═════ PROVIDED RECORDS ═════

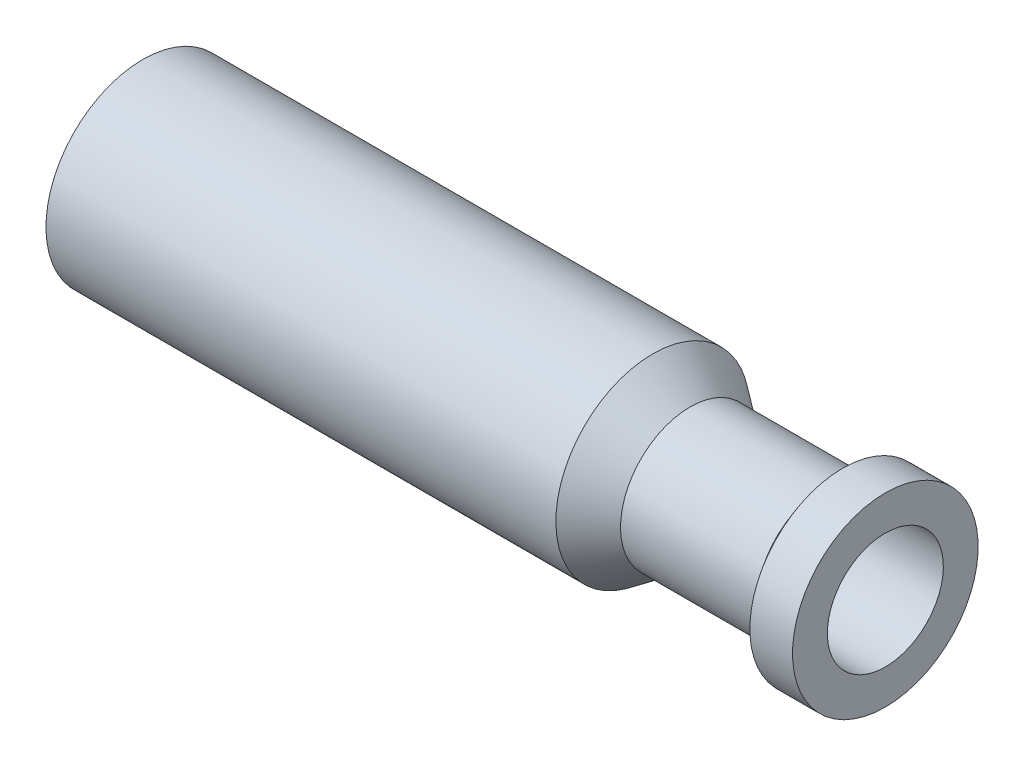
from build123d import *

# Parameters (mm, degrees)
SKETCH4_R          = 15.875
CUT_EXTRUDE1_DEPTH = 190.5


with BuildPart() as part:
    # Sketch1 → Revolve1 (revolve)
    with BuildSketch(Plane.XY):
        Polygon((107.503032851, -15.910925594), (117.715228697, -23.386149331), (154.81866926, -23.386149331), (159.466804827, -17.036149331), (171.145497316, -17.036149331), (171.145497316, -42.436149331), (-32.054502684, -42.436149331), (-32.054502684, -15.910925594), align=None)
    revolve(axis=Axis((171.145497316, -42.436149331, 0), (-1, 0, 0)))

    # Sketch4 → Cut-Extrude1 (cut)
    with BuildSketch(Plane(origin=(171.145497316, 0, 0), x_dir=(0, 0, -1), z_dir=(1, 0, 0))):
        with Locations((0, -42.436149331)):
            Circle(SKETCH4_R)
    extrude(amount=-CUT_EXTRUDE1_DEPTH, mode=Mode.SUBTRACT)


solid = part.part

═════

Going through the entries above, show each line that contains "revolve".

    # Sketch1 → Revolve1 (revolve)
    revolve(axis=Axis((171.145497316, -42.436149331, 0), (-1, 0, 0)))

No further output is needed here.